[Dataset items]

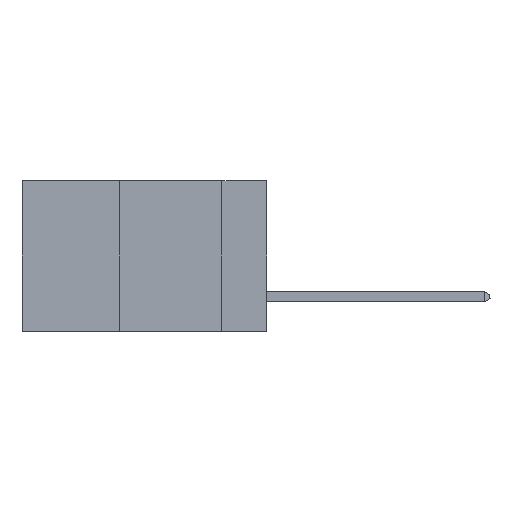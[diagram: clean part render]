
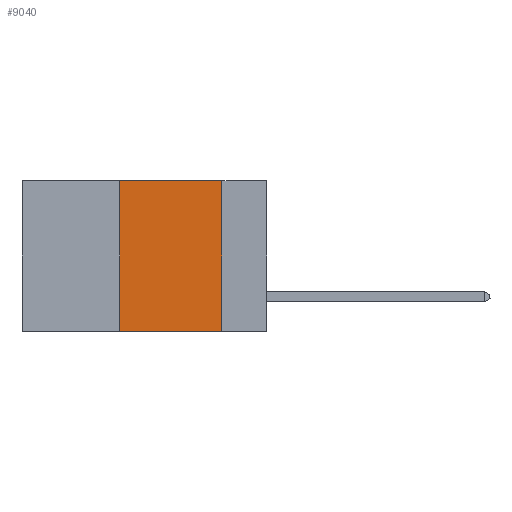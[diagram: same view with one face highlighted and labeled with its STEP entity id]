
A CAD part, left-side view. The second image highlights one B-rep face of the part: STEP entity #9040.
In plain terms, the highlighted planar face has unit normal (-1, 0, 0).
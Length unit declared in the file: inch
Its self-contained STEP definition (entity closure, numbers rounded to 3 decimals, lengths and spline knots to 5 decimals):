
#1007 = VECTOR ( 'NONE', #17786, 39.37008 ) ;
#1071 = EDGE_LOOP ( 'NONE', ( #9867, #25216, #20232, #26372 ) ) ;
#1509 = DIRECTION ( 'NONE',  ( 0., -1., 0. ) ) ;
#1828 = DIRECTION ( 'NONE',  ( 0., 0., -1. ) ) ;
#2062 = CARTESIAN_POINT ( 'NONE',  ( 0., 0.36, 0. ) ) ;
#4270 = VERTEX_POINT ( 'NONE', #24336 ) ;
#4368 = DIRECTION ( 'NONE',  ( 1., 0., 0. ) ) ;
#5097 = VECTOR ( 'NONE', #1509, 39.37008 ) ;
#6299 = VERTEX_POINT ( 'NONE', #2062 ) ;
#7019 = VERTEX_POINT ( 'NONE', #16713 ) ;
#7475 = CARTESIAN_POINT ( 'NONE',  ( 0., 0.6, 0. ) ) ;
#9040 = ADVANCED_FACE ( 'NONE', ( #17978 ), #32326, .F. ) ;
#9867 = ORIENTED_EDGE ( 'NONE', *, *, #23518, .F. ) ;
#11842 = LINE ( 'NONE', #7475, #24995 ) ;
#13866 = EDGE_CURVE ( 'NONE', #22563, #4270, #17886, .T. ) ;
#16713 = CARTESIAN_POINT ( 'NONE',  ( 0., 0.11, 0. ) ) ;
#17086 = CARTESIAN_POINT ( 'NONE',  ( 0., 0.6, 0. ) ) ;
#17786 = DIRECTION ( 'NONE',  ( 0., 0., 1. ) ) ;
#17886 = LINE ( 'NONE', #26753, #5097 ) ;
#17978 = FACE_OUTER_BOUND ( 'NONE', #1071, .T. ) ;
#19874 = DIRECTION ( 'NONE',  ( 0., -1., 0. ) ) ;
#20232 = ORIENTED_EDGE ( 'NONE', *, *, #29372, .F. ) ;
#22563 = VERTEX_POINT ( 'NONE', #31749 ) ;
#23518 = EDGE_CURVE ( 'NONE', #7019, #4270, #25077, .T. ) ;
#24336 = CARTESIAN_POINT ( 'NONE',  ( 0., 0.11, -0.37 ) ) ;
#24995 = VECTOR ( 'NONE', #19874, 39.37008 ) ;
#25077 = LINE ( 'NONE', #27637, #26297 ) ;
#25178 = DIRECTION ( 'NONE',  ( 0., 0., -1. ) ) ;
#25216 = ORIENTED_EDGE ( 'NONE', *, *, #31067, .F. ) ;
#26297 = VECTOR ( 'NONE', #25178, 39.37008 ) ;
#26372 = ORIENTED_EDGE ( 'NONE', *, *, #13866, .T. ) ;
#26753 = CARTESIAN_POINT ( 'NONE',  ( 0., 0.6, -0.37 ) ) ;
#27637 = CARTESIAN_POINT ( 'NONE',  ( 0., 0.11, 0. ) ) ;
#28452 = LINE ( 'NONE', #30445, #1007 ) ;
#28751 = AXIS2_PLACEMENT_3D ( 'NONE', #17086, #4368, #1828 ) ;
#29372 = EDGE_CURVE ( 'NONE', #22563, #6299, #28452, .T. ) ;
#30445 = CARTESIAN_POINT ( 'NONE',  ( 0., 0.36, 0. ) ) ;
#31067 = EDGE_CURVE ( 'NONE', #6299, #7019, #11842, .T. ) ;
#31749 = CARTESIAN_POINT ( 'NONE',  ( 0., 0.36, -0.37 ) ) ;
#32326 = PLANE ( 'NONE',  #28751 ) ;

▸ **Exercise**:
Set down each of the records precisely, leaving any pictures behind.

▸ **Result of this exercise**:
[diagram: clean part render]
[diagram: same view with one face highlighted and labeled with its STEP entity id]
A CAD part, left-side view. The second image highlights one B-rep face of the part: STEP entity #9040.
In plain terms, the highlighted planar face has unit normal (-1, 0, 0).
Length unit declared in the file: inch
Its self-contained STEP definition (entity closure, numbers rounded to 3 decimals, lengths and spline knots to 5 decimals):
#1007 = VECTOR ( 'NONE', #17786, 39.37008 ) ;
#1071 = EDGE_LOOP ( 'NONE', ( #9867, #25216, #20232, #26372 ) ) ;
#1509 = DIRECTION ( 'NONE',  ( 0., -1., 0. ) ) ;
#1828 = DIRECTION ( 'NONE',  ( 0., 0., -1. ) ) ;
#2062 = CARTESIAN_POINT ( 'NONE',  ( 0., 0.36, 0. ) ) ;
#4270 = VERTEX_POINT ( 'NONE', #24336 ) ;
#4368 = DIRECTION ( 'NONE',  ( 1., 0., 0. ) ) ;
#5097 = VECTOR ( 'NONE', #1509, 39.37008 ) ;
#6299 = VERTEX_POINT ( 'NONE', #2062 ) ;
#7019 = VERTEX_POINT ( 'NONE', #16713 ) ;
#7475 = CARTESIAN_POINT ( 'NONE',  ( 0., 0.6, 0. ) ) ;
#9040 = ADVANCED_FACE ( 'NONE', ( #17978 ), #32326, .F. ) ;
#9867 = ORIENTED_EDGE ( 'NONE', *, *, #23518, .F. ) ;
#11842 = LINE ( 'NONE', #7475, #24995 ) ;
#13866 = EDGE_CURVE ( 'NONE', #22563, #4270, #17886, .T. ) ;
#16713 = CARTESIAN_POINT ( 'NONE',  ( 0., 0.11, 0. ) ) ;
#17086 = CARTESIAN_POINT ( 'NONE',  ( 0., 0.6, 0. ) ) ;
#17786 = DIRECTION ( 'NONE',  ( 0., 0., 1. ) ) ;
#17886 = LINE ( 'NONE', #26753, #5097 ) ;
#17978 = FACE_OUTER_BOUND ( 'NONE', #1071, .T. ) ;
#19874 = DIRECTION ( 'NONE',  ( 0., -1., 0. ) ) ;
#20232 = ORIENTED_EDGE ( 'NONE', *, *, #29372, .F. ) ;
#22563 = VERTEX_POINT ( 'NONE', #31749 ) ;
#23518 = EDGE_CURVE ( 'NONE', #7019, #4270, #25077, .T. ) ;
#24336 = CARTESIAN_POINT ( 'NONE',  ( 0., 0.11, -0.37 ) ) ;
#24995 = VECTOR ( 'NONE', #19874, 39.37008 ) ;
#25077 = LINE ( 'NONE', #27637, #26297 ) ;
#25178 = DIRECTION ( 'NONE',  ( 0., 0., -1. ) ) ;
#25216 = ORIENTED_EDGE ( 'NONE', *, *, #31067, .F. ) ;
#26297 = VECTOR ( 'NONE', #25178, 39.37008 ) ;
#26372 = ORIENTED_EDGE ( 'NONE', *, *, #13866, .T. ) ;
#26753 = CARTESIAN_POINT ( 'NONE',  ( 0., 0.6, -0.37 ) ) ;
#27637 = CARTESIAN_POINT ( 'NONE',  ( 0., 0.11, 0. ) ) ;
#28452 = LINE ( 'NONE', #30445, #1007 ) ;
#28751 = AXIS2_PLACEMENT_3D ( 'NONE', #17086, #4368, #1828 ) ;
#29372 = EDGE_CURVE ( 'NONE', #22563, #6299, #28452, .T. ) ;
#30445 = CARTESIAN_POINT ( 'NONE',  ( 0., 0.36, 0. ) ) ;
#31067 = EDGE_CURVE ( 'NONE', #6299, #7019, #11842, .T. ) ;
#31749 = CARTESIAN_POINT ( 'NONE',  ( 0., 0.36, -0.37 ) ) ;
#32326 = PLANE ( 'NONE',  #28751 ) ;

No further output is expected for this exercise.